The dogs, of course, are loving it here … although the Yokna Dog Pack lost one member since last year (Nathan moved out with his dog Ella), it gained a new one unofficially – “Grey Dog,” the neighbor’s year-old giant puppy – plus, there is a stray that sometimes hands out with us by the field, which brings the total up to eight … plus four cats and a shifting cast of primates …
We have less than a week to go here before we strike out westward toward new territory … time is flying!
When we originally planned our winter journey, we did not plan on returning to any of the same farms we WWOOFed at last year – we’d enjoyed all three, but thought we’d get more from the trip if we did all-new places – meeting all new people, learning entirely new ways of farming, etc.
However, when we looked at a map of the planned route, we realized that Yokna Bottoms Farm in Oxford, Mississippi, was right in the middle of the long stretch of road between my sister’s in northern Illinois, and a farm that had agreed to host us in New Orleans.
It turned out they were accepting WWOOFers again at the time we would be coming through – so we wound up returning this year – once again, we’d kick the trip off as members of the Yokna dog pack.
So, we took turns driving south for 5 hours apiece, stopping twice for gas, watching the sun rise and fall and the vans thermometer creep steadily upward, until it was about 30 degrees warmer than when we’d left that morning and we were pulling into the familiar gravel driveway of Farmer Doug’s house.
We arrived just days after the season’s last farmer’s market, and the final CSA boxes had been delivered.
We were here two months earlier in the year than we had been last time through, so there was still a lot of cold-hardy produce growing in the fields – herbs, kale, broccoli, carrots, lettuce, cabbage, collards, brussel sprouts, and more, in amounts well beyond what we grow back home in our acre or so of cultivated field.
Although the markets and CSA were finished, the farm was selling produce to several local restaurants, which we harvested with Farm Manager Jeff whenever necessary.
When not harvesting, we worked on other projects – which wound up giving us deja vu.
Finally, we raised a sunken corner of the chicken coop, and patched up gaps that could let predators in.
Widget did the Rat Terrier Thing and caught mice and rats as they scattered out of the shed while we cleaned.
In our downtime, we even got Farmer Doug out on a longboard again! He still doesn’t feel safe on one, but he pushed around carefully a bit until Kristin and I got our fill of zooming around a parking lot, turning gyrations into momentum and basking in the sunshine.
In one of the final Yokna posts from last winter, I said that ” it seems impossible that I may not see (Yokna Bottoms Farm) again” – and it turned out I was right It is great to be back – we’d missed the dogs (Merton, Shivas, Missy, WhatDog), the cats (Faith, Hoobilly, Jack), and the people (Doug, Jeff, Betsey), and it felt like home immediately.

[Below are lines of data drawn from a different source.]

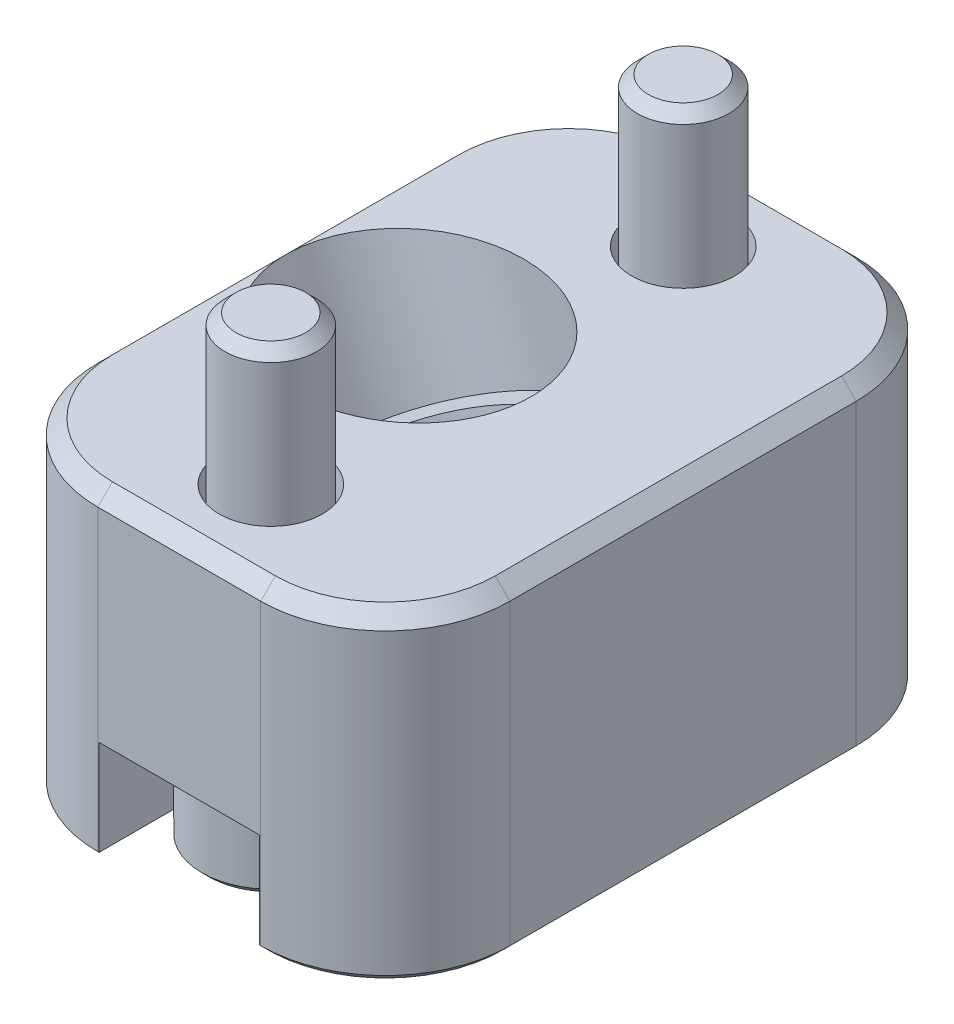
ISO-10303-21;
HEADER;
FILE_DESCRIPTION(('STEP AP214'),'2;1');
FILE_NAME('part.step','',(''),(''),'','','');
FILE_SCHEMA(('AUTOMOTIVE_DESIGN { 1 0 10303 214 1 1 1 1 }'));
ENDSEC;
DATA;
#1=APPLICATION_CONTEXT('core data for automotive mechanical design processes');
#2=APPLICATION_PROTOCOL_DEFINITION('international standard','automotive_design',2000,#1);
#3=PRODUCT_CONTEXT('',#1,'mechanical');
#4=PRODUCT('Part','Part','',(#3));
#5=PRODUCT_RELATED_PRODUCT_CATEGORY('part','',(#4));
#6=PRODUCT_DEFINITION_FORMATION('','',#4);
#7=PRODUCT_DEFINITION_CONTEXT('part definition',#1,'design');
#8=PRODUCT_DEFINITION('design','',#6,#7);
#9=PRODUCT_DEFINITION_SHAPE('','',#8);
#10=(LENGTH_UNIT() NAMED_UNIT(*) SI_UNIT(.MILLI.,.METRE.));
#11=(NAMED_UNIT(*) PLANE_ANGLE_UNIT() SI_UNIT($,.RADIAN.));
#12=(NAMED_UNIT(*) SI_UNIT($,.STERADIAN.) SOLID_ANGLE_UNIT());
#13=UNCERTAINTY_MEASURE_WITH_UNIT(LENGTH_MEASURE(1.E-05),#10,'distance_accuracy_value','');
#14=(GEOMETRIC_REPRESENTATION_CONTEXT(3) GLOBAL_UNCERTAINTY_ASSIGNED_CONTEXT((#13)) GLOBAL_UNIT_ASSIGNED_CONTEXT((#10,
#11,#12)) REPRESENTATION_CONTEXT('',''));
#15=CARTESIAN_POINT('',(0.,0.,0.));
#16=DIRECTION('',(0.,0.,1.));
#17=DIRECTION('',(1.,0.,0.));
#18=AXIS2_PLACEMENT_3D('',#15,#16,#17);
#19=CARTESIAN_POINT('',(4.75615,-21.4376,-19.05));
#20=DIRECTION('',(0.,-1.,0.));
#21=DIRECTION('',(-1.,0.,0.));
#22=AXIS2_PLACEMENT_3D('',#19,#20,#21);
#23=PLANE('',#22);
#24=CARTESIAN_POINT('',(4.75615,-21.4376,-14.2875));
#25=DIRECTION('',(0.,1.,0.));
#26=DIRECTION('',(-1.,0.,0.));
#27=AXIS2_PLACEMENT_3D('',#24,#25,#26);
#28=CIRCLE('',#27,4.25449999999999);
#29=CARTESIAN_POINT('',(0.501650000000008,-21.4376,-14.2875));
#30=VERTEX_POINT('',#29);
#31=EDGE_CURVE('E12',#30,#30,#28,.T.);
#32=ORIENTED_EDGE('',*,*,#31,.F.);
#33=EDGE_LOOP('',(#32));
#34=FACE_BOUND('',#33,.T.);
#35=DIRECTION('',(0.866025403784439,0.,-0.5));
#36=VECTOR('',#35,1.);
#37=CARTESIAN_POINT('',(4.75615,-21.4376,-11.5305369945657));
#38=LINE('',#37,#36);
#39=CARTESIAN_POINT('',(4.75615,-21.4376,-11.5305369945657));
#40=VERTEX_POINT('',#39);
#41=CARTESIAN_POINT('',(7.14375,-21.4376,-12.9090184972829));
#42=VERTEX_POINT('',#41);
#43=EDGE_CURVE('E218',#40,#42,#38,.T.);
#44=ORIENTED_EDGE('',*,*,#43,.T.);
#45=DIRECTION('',(0.,0.,-1.));
#46=VECTOR('',#45,1.);
#47=CARTESIAN_POINT('',(7.14375,-21.4376,-12.9090184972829));
#48=LINE('',#47,#46);
#49=CARTESIAN_POINT('',(7.14375,-21.4376,-15.6659815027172));
#50=VERTEX_POINT('',#49);
#51=EDGE_CURVE('E220',#42,#50,#48,.T.);
#52=ORIENTED_EDGE('',*,*,#51,.T.);
#53=DIRECTION('',(-0.866025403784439,0.,-0.5));
#54=VECTOR('',#53,1.);
#55=CARTESIAN_POINT('',(7.14375,-21.4376,-15.6659815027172));
#56=LINE('',#55,#54);
#57=CARTESIAN_POINT('',(4.75615,-21.4376,-17.0444630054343));
#58=VERTEX_POINT('',#57);
#59=EDGE_CURVE('E222',#50,#58,#56,.T.);
#60=ORIENTED_EDGE('',*,*,#59,.T.);
#61=DIRECTION('',(-0.866025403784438,0.,0.5));
#62=VECTOR('',#61,1.);
#63=CARTESIAN_POINT('',(4.75615,-21.4376,-17.0444630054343));
#64=LINE('',#63,#62);
#65=CARTESIAN_POINT('',(2.36855,-21.4376,-15.6659815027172));
#66=VERTEX_POINT('',#65);
#67=EDGE_CURVE('E228',#58,#66,#64,.T.);
#68=ORIENTED_EDGE('',*,*,#67,.T.);
#69=DIRECTION('',(0.,0.,1.));
#70=VECTOR('',#69,1.);
#71=CARTESIAN_POINT('',(2.36855,-21.4376,-15.6659815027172));
#72=LINE('',#71,#70);
#73=CARTESIAN_POINT('',(2.36855,-21.4376,-12.9090184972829));
#74=VERTEX_POINT('',#73);
#75=EDGE_CURVE('E128',#66,#74,#72,.T.);
#76=ORIENTED_EDGE('',*,*,#75,.T.);
#77=DIRECTION('',(0.866025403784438,0.,0.5));
#78=VECTOR('',#77,1.);
#79=CARTESIAN_POINT('',(2.36855,-21.4376,-12.9090184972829));
#80=LINE('',#79,#78);
#81=EDGE_CURVE('E231',#74,#40,#80,.T.);
#82=ORIENTED_EDGE('',*,*,#81,.T.);
#83=EDGE_LOOP('',(#44,#52,#60,#68,#76,#82));
#84=FACE_BOUND('',#83,.T.);
#85=ADVANCED_FACE('F49',(#34,#84),#23,.T.);
#86=CARTESIAN_POINT('',(4.75615,10.3124,-14.2875));
#87=DIRECTION('',(0.,1.,0.));
#88=DIRECTION('',(1.,0.,0.));
#89=AXIS2_PLACEMENT_3D('',#86,#87,#88);
#90=CYLINDRICAL_SURFACE('',#89,4.7625);
#91=CARTESIAN_POINT('',(4.75615,-20.9296,-14.2875));
#92=DIRECTION('',(0.,1.,0.));
#93=DIRECTION('',(-1.,0.,0.));
#94=AXIS2_PLACEMENT_3D('',#91,#92,#93);
#95=CIRCLE('',#94,4.7625);
#96=CARTESIAN_POINT('',(-0.00634999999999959,-20.9296,-14.2875));
#97=VERTEX_POINT('',#96);
#98=EDGE_CURVE('E57',#97,#97,#95,.F.);
#99=ORIENTED_EDGE('',*,*,#98,.F.);
#100=EDGE_LOOP('',(#99));
#101=FACE_BOUND('',#100,.T.);
#102=CARTESIAN_POINT('',(4.75615,-15.0876,-14.2875));
#103=DIRECTION('',(0.,-1.,0.));
#104=DIRECTION('',(1.,0.,0.));
#105=AXIS2_PLACEMENT_3D('',#102,#103,#104);
#106=CIRCLE('',#105,4.7625);
#107=CARTESIAN_POINT('',(9.51865,-15.0876,-14.2875));
#108=VERTEX_POINT('',#107);
#109=EDGE_CURVE('E142',#108,#108,#106,.T.);
#110=ORIENTED_EDGE('',*,*,#109,.T.);
#111=EDGE_LOOP('',(#110));
#112=FACE_BOUND('',#111,.T.);
#113=ADVANCED_FACE('F154',(#101,#112),#90,.T.);
#114=CARTESIAN_POINT('',(4.75615,-15.0876,-17.4625));
#115=DIRECTION('',(0.,1.,0.));
#116=DIRECTION('',(1.,0.,0.));
#117=AXIS2_PLACEMENT_3D('',#114,#115,#116);
#118=PLANE('',#117);
#119=ORIENTED_EDGE('',*,*,#109,.F.);
#120=EDGE_LOOP('',(#119));
#121=FACE_BOUND('',#120,.T.);
#122=CARTESIAN_POINT('',(4.75615,-15.0876,-14.2875));
#123=DIRECTION('',(0.,-1.,0.));
#124=DIRECTION('',(1.,0.,0.));
#125=AXIS2_PLACEMENT_3D('',#122,#123,#124);
#126=CIRCLE('',#125,3.175);
#127=CARTESIAN_POINT('',(7.93115,-15.0876,-14.2875));
#128=VERTEX_POINT('',#127);
#129=EDGE_CURVE('E139',#128,#128,#126,.T.);
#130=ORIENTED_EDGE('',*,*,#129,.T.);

It’s been both educational and interesting to see the restaurant sales side of Yokna’s operations – we just started to do so for the first time last year, on a small scale, and both feel we have much to learn. And like learning a language, it’s ideal to learn by immersion, where all the many complexities and how they interrelated are experienecd directly, not translated up and down through lossy words. Working with people, you pick up so much more than you even realize – not just facts, but processes, ways of thinking about and seeing and solving things, general principles, handy shortcuts, things to avoid, sparks that trigger new ideas … not things you can plan for, organize, or predict – things you get by embracing the “que sera, sera” and simply being open and grateful for what does come into life, surfing from day to day, season to season, always more in the Now than in thoughts of any future plan. Valuable things that come in abundance with WWOOFing!
Saturday, February 22nd
Oak Hill, FL
We’d already packed up a lot of our stuff the evening before, predicting rain that would make it hard to get in and out of the trailer, so our last morning at the Green Flamingo was nice and relaxing.
The rain came with a fury just as we loaded into the car, dumping bathtubs of rain down as we bumped through the muddy rutted road out. The highway traffic was slow, with minor flash floods causing hydroplaning, and terrible visibility leading people to pull off onto the shoulder beneath bridges to wait out the storm.
We just muscled through toward the south, and it wasn’t long before we broke free from the weather system that would be deluging GFO for the next several days, and came back out into the sunny blue skies and waving palms.
We were headed for the Florida Keys, where we’d first be meeting Gabe’s dad and stepmom in Key Largo, at the house they’d rented to flee from the winter wasteland of northwestern Minnesota.
Kristin’s parents would be meeting us there as well, and then driving with us down further south to Marathon Key, where they had a dog-friendly house rented for a week, right on the ocean. They’d just flown in from the insanely frozen subzero hell that Minnesota had been all winter long … a day later than planned, due to a missed flight due to a blizzard that trapped them in their homes, with heavy wet snow up over their bumper in their unplowed street.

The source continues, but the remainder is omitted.